6 marzo 2016

Il senso di colpa

6 MARZO 2016


 
Con le religioni è successa la stessa cosa; ogni religione si è occupata di condannare una porzione di umanità, facendola così sentire in colpa. E una volta instillato in te il senso di colpa, il prete ti tiene in pugno; a quel punto non puoi più sfuggire, perché lui è l’unico che può ripulire tutte le parti deplorevoli di te, che può metterti in condizione di presentarti di fronte a dio senza vergognarti. 

L’illusione di dio è stata creata da lui; lui ha creato la finzione della colpa ed è stato sempre lui a creare la falsa credenza che un giorno dovrai presentarti di fronte a dio e dovrai essere pulito, puro e in condizione tale da poter stare al suo cospetto senza timore e senza vergogna. Tutta questa situazione è assolutamente fittizia, ma occorre ricordare che per le pseudoreligioni è tutto vero!

E quando dico tutte le religioni, intendo le pseudoreligioni: il plurale indica che si tratta di cose fasulle. Quando la religione diventa scientifica, il plurale non serve: in quel caso parlerò semplicemente di religione e la sua funzione sarà l’esatto opposto di quella delle pseudoreligioni. La sua funzione sarà liberarti da dio, dal paradiso e dall’inferno; liberarti dall’idea del peccato originale, liberarti dell’idea che tu sia qualcosa di distinto dalla natura: liberarti da qualsiasi tipo di repressione.

Grazie a questa libertà, riuscirai finalmente a imparare a esprimere la tua essenza naturale, qualunque essa sia. Non c’è bisogno di vergognarsi; se sei fatto in un certo modo è perché l’universo ti vuole esattamente così: l’universo ha bisogno che tu sia fatto in questa maniera, altrimenti, al posto tuo, avrebbe creato qualcun altro.

Perciò, secondo me, l’unica cosa veramente irreligiosa è non essere te stesso. Sii te stesso, senza condizioni, senza vincoli: sii semplicemente te stesso e sarai religioso, perché tu sei un essere sano, integro e completo!
Non hai bisogno del prete, non hai bisogno dello psicanalista, non hai bisogno dell’aiuto di nessuno, perché non sei malato, non sei bloccato e non sei paralizzato; con la riscoperta della tua libertà, sono scomparsi anche tutti i tuoi blocchi e le tue paralisi.

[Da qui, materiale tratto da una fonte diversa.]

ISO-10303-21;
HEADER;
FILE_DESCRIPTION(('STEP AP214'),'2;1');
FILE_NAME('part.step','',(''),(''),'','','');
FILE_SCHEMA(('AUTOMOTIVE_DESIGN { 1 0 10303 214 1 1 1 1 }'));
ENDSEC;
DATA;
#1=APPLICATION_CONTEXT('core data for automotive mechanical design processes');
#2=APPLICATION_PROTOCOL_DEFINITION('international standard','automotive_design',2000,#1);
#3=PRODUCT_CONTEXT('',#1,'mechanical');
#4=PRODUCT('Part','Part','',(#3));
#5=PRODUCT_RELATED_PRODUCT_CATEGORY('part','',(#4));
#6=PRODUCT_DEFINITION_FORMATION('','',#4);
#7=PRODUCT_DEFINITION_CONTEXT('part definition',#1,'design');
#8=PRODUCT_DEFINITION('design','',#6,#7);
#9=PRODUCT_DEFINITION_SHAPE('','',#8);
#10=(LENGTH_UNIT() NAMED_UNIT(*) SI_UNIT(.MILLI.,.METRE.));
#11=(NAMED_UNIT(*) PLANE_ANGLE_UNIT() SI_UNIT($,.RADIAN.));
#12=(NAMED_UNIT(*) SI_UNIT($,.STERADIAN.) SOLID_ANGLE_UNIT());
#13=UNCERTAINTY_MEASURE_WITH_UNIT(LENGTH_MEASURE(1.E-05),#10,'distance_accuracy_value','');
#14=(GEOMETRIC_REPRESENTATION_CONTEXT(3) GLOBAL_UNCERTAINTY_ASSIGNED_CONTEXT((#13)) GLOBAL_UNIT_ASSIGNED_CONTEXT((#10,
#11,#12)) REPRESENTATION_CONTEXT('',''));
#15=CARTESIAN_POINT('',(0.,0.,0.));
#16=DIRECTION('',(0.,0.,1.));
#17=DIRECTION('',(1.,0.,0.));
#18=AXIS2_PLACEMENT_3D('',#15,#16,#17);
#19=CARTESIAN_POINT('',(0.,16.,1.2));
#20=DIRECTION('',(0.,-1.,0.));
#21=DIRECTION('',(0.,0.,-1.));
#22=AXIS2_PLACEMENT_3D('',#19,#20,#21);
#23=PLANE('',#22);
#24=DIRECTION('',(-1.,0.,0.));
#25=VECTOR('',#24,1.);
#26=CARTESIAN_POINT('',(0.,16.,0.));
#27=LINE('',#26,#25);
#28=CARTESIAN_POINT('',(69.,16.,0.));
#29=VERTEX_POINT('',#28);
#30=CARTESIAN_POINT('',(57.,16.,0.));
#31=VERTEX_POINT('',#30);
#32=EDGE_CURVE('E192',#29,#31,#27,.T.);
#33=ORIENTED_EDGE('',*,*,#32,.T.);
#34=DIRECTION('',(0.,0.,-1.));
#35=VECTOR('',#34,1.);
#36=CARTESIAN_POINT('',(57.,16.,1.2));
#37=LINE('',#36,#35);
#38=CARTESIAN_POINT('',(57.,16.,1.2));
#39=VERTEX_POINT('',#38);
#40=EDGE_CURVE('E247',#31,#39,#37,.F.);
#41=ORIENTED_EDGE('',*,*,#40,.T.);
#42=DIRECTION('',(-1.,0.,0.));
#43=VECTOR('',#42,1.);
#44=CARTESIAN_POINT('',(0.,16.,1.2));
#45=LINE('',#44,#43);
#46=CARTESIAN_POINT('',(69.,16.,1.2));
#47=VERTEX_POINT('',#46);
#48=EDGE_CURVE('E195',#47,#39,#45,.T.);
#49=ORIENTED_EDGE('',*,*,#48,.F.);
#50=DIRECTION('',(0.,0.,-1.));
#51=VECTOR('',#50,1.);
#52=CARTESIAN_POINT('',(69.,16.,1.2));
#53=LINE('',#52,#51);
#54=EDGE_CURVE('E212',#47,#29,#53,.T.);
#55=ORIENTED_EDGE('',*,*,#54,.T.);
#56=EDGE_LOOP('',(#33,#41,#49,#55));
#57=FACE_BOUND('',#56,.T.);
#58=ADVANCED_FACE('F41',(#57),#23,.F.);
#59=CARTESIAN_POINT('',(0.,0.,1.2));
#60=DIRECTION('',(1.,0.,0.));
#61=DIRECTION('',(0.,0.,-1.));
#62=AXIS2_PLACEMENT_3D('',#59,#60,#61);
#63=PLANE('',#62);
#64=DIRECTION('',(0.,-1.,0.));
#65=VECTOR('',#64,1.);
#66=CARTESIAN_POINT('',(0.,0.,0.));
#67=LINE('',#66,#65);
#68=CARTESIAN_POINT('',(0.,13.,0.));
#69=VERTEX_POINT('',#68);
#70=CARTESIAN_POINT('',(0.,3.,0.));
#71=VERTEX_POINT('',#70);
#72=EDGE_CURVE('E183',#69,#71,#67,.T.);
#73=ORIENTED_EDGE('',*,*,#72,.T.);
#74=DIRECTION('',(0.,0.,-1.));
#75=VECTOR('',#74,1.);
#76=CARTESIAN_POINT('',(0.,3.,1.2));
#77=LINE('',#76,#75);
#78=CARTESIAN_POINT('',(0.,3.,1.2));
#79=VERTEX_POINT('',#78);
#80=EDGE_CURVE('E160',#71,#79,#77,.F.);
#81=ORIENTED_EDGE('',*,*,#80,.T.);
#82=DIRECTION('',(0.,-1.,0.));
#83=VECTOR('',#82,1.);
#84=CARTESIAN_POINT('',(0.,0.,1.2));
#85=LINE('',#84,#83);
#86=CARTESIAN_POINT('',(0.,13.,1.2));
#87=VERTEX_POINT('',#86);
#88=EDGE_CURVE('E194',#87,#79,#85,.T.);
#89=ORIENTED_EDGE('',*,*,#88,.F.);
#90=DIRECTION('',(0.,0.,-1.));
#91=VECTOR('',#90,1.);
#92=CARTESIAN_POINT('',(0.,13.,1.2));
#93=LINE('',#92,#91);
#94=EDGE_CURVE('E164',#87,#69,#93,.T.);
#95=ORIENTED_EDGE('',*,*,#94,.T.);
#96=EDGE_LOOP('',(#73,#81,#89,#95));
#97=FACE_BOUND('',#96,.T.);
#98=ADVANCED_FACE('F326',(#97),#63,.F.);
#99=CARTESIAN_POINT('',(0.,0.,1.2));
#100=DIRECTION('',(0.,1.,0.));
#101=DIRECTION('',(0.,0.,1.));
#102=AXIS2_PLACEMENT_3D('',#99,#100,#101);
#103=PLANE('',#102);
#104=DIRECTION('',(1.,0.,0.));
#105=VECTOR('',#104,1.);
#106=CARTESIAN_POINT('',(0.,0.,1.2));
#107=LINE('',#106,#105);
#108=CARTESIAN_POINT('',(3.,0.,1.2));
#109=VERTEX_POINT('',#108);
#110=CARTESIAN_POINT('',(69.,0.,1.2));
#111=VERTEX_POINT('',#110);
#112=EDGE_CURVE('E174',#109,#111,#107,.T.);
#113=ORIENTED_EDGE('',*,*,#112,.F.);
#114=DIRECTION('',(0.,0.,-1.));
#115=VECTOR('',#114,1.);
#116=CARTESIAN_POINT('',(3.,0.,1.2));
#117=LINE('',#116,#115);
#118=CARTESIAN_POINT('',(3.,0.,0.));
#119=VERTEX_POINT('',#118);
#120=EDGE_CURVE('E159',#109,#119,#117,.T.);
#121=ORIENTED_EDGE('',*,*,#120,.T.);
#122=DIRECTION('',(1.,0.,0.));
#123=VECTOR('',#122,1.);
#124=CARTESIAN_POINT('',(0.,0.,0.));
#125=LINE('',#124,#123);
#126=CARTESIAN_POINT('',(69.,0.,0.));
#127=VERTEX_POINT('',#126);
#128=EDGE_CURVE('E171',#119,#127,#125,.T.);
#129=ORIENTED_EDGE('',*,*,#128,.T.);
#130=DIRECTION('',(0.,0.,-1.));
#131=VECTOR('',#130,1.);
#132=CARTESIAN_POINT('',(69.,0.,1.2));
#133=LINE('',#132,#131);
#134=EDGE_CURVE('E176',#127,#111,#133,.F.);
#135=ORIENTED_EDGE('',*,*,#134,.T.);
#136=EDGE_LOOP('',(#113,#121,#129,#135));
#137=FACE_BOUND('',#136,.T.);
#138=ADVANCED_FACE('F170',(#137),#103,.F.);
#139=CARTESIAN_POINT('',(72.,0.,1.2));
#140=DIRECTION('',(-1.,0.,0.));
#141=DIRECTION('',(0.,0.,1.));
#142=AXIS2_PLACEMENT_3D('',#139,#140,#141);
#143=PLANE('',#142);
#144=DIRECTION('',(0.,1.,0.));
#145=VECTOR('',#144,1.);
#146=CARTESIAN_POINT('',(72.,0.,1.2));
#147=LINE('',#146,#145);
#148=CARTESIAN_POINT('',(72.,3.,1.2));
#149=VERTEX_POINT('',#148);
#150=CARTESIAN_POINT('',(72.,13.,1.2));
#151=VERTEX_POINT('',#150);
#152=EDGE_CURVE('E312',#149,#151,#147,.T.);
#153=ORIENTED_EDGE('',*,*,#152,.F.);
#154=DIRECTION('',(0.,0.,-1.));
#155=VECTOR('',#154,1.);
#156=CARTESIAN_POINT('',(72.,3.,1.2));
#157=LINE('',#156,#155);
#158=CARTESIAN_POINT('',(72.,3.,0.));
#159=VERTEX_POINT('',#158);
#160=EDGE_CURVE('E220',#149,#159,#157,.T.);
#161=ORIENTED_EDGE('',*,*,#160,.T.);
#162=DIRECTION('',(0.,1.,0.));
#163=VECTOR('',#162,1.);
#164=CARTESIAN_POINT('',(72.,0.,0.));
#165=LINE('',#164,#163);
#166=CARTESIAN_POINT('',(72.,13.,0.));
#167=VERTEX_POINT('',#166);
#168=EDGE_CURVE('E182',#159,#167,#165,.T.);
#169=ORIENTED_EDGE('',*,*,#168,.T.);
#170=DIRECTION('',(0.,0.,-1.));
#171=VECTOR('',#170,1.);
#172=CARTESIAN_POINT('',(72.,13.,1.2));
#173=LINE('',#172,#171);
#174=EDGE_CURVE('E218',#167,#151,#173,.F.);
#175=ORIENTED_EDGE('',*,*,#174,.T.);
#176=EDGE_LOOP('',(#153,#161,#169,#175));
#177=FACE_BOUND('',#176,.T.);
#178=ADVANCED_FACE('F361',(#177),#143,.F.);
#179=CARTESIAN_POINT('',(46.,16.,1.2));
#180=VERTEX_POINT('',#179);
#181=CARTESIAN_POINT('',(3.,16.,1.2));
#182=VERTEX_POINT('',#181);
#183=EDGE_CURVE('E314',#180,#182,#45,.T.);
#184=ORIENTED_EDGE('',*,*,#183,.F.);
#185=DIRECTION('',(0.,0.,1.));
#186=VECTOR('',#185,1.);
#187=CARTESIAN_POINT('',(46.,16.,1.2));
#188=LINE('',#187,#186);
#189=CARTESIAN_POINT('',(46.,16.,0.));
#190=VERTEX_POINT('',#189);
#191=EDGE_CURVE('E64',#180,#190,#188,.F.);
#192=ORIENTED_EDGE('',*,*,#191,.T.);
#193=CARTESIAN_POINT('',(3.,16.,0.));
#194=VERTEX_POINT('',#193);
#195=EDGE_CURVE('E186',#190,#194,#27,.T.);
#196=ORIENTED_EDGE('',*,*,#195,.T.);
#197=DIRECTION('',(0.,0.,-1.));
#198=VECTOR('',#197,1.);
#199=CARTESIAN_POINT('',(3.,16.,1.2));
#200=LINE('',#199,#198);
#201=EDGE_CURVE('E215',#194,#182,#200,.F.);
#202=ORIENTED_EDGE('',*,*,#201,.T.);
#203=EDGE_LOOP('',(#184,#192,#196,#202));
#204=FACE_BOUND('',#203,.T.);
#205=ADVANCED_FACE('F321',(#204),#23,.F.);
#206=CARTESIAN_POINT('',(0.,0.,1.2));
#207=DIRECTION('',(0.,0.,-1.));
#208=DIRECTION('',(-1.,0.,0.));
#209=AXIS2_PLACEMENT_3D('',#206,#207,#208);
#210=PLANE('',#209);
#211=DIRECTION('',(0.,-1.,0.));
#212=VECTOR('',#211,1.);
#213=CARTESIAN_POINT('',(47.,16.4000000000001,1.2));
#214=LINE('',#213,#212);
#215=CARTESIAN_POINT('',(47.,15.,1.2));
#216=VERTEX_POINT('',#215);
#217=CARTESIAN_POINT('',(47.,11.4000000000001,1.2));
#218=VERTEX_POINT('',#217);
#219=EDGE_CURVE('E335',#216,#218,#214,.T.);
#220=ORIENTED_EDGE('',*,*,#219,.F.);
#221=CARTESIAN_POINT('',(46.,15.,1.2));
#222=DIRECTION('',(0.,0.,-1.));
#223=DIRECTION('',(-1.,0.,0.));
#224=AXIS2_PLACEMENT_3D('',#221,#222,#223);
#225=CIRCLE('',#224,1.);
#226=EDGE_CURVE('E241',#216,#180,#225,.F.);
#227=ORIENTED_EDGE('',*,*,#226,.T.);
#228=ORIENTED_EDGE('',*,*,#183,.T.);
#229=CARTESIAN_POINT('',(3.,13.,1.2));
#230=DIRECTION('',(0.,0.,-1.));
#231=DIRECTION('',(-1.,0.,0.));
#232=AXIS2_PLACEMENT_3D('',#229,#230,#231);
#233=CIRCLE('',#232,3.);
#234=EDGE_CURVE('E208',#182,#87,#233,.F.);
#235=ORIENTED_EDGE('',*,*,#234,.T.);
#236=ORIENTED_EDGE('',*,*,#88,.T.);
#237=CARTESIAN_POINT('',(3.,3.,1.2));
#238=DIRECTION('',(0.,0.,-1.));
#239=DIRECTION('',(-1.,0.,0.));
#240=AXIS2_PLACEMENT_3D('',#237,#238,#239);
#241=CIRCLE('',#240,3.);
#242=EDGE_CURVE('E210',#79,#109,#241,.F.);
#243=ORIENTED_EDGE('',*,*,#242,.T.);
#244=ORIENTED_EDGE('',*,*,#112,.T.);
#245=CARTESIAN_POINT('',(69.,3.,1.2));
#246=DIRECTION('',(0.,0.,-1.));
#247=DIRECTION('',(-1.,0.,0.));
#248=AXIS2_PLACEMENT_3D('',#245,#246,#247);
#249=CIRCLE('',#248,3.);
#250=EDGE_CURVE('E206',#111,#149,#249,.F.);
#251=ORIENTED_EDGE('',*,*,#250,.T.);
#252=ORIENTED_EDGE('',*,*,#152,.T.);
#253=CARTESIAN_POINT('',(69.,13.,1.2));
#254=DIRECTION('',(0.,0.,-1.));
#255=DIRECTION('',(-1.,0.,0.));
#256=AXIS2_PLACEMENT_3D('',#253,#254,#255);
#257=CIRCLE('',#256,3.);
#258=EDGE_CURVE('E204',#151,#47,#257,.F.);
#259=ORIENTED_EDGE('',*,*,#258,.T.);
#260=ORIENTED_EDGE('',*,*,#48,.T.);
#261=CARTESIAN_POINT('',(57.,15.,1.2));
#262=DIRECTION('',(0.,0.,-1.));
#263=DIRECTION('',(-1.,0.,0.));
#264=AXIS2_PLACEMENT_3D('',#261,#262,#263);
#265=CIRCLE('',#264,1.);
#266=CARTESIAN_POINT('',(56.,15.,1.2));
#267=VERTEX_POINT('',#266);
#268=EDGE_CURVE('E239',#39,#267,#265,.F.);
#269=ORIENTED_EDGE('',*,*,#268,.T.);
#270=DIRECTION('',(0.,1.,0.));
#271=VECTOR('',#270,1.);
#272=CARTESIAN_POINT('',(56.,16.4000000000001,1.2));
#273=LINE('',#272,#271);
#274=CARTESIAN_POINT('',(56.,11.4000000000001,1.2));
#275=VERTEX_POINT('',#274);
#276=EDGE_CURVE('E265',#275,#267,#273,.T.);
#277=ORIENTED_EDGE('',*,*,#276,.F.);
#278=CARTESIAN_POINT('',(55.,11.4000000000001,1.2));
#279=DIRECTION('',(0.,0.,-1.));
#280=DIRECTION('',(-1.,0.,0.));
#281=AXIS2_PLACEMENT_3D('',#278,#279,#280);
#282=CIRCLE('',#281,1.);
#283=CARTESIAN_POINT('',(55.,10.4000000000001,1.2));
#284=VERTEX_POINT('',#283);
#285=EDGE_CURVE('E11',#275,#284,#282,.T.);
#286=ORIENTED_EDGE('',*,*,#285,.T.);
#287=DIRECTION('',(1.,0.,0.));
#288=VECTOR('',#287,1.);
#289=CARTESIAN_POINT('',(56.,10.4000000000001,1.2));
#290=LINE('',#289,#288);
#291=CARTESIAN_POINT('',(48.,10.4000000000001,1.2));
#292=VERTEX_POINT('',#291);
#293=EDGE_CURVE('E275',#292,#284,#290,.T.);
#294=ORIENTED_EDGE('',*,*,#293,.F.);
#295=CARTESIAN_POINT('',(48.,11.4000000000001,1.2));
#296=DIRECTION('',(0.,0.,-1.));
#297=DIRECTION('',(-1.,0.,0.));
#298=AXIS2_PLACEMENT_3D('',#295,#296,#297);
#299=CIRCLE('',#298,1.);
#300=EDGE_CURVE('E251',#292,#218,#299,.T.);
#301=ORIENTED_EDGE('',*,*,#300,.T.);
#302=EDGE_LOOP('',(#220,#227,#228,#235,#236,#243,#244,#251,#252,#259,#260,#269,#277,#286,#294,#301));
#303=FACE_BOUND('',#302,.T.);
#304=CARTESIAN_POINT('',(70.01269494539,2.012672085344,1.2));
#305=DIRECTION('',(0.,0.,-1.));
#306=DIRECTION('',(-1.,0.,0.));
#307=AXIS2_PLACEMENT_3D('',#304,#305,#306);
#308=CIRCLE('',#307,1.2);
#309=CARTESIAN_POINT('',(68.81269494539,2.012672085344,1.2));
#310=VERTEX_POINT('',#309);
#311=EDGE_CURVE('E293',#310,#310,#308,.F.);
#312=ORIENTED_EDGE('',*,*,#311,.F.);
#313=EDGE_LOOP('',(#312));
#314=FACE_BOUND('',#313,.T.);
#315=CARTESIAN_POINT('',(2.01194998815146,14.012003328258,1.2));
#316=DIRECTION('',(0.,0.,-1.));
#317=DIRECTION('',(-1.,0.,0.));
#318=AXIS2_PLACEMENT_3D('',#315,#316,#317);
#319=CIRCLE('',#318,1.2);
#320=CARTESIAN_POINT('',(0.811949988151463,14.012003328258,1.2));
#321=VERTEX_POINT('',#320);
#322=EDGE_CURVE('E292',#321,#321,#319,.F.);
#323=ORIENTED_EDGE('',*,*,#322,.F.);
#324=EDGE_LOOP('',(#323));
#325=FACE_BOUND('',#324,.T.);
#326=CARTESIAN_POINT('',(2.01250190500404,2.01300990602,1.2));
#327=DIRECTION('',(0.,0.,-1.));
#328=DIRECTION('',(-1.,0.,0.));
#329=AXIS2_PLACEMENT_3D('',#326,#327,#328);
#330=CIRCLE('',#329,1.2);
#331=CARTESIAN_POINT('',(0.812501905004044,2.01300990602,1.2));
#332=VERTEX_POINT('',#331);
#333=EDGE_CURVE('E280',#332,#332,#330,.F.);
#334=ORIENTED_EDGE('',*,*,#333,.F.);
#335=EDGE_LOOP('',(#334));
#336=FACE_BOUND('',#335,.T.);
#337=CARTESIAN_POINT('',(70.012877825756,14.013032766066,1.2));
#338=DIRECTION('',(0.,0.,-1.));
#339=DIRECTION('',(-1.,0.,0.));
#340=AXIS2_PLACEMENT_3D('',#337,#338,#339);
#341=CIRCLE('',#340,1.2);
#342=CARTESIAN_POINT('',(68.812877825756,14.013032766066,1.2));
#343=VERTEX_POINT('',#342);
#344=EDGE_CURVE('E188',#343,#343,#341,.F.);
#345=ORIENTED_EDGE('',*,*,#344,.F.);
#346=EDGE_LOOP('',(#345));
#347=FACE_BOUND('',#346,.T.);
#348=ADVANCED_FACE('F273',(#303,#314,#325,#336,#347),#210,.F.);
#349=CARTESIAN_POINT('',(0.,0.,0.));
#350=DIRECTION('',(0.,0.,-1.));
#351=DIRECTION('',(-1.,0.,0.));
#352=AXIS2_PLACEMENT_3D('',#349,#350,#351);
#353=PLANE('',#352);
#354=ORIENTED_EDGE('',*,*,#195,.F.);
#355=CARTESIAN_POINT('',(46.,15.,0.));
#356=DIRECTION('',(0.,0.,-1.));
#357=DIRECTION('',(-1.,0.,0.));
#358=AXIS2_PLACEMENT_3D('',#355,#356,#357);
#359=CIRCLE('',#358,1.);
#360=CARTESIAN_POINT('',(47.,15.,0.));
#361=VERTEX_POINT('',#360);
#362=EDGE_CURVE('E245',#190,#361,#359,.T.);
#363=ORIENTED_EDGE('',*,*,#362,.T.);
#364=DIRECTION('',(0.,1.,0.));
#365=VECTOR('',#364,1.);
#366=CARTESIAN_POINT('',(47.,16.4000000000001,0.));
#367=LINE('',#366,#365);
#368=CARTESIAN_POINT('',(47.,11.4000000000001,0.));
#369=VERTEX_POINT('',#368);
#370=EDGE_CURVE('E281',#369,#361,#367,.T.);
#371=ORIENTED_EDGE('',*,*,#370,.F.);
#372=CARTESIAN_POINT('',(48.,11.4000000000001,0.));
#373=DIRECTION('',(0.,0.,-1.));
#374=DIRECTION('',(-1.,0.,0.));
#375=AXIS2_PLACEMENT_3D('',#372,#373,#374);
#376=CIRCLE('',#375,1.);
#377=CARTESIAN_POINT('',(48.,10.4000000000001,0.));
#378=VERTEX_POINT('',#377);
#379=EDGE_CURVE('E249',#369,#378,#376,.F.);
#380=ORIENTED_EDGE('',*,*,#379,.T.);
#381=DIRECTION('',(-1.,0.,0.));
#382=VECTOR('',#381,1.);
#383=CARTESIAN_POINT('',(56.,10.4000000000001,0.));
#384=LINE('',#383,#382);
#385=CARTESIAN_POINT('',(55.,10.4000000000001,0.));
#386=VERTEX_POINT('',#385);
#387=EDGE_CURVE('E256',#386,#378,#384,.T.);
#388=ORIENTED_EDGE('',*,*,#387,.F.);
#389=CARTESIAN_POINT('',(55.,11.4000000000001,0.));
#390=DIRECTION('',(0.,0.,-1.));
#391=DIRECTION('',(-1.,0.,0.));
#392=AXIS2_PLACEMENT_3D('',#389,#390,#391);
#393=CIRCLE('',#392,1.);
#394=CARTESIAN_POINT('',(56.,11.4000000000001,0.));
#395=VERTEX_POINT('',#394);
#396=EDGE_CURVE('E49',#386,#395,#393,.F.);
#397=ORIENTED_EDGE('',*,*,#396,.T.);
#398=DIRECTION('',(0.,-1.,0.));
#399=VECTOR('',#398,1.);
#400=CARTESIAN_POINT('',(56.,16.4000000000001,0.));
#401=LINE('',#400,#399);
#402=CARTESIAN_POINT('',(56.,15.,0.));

La religione può essere condensata in una singola frase: libertà totale di essere se stessi.
Esprimi te stesso, senza timore, in tutte le maniere possibili; se esprimi il tuo essere nella sua forma più vera, nel suo naturale fluire, sarai ricompensato immediatamente, non domani, ma oggi, quieora.

Vieni punito solo quando vai contro la tua natura; ma quella punizione ti è d’aiuto, perché ti indica semplicemente che ti sei allontanato dalla tua natura, che sei andato fuori strada, alla deriva: torna indietro!
La punizione non è una vendetta; niente affatto, la punizione è soltanto un tentativo di risvegliarti, dicendoti: “Dove stai andando? C’è qualcosa di sbagliato, qualcosa che non va in te: per questo c’è dolore, c’è timore, c’è angoscia”.

Quando sei naturale, esprimi te stesso proprio come fanno gli alberi e gli uccelli, che sono più fortunati, perché nessun uccello ha mai cercato di fare il prete e a nessun albero è mai passata per la testa l’idea di diventare uno psicanalista.
Allora ti sentirai a casa nell’esistenza proprio come gli alberi, come gli uccelli, come le nuvole. E sentirsi a casa è l’essenza della religione.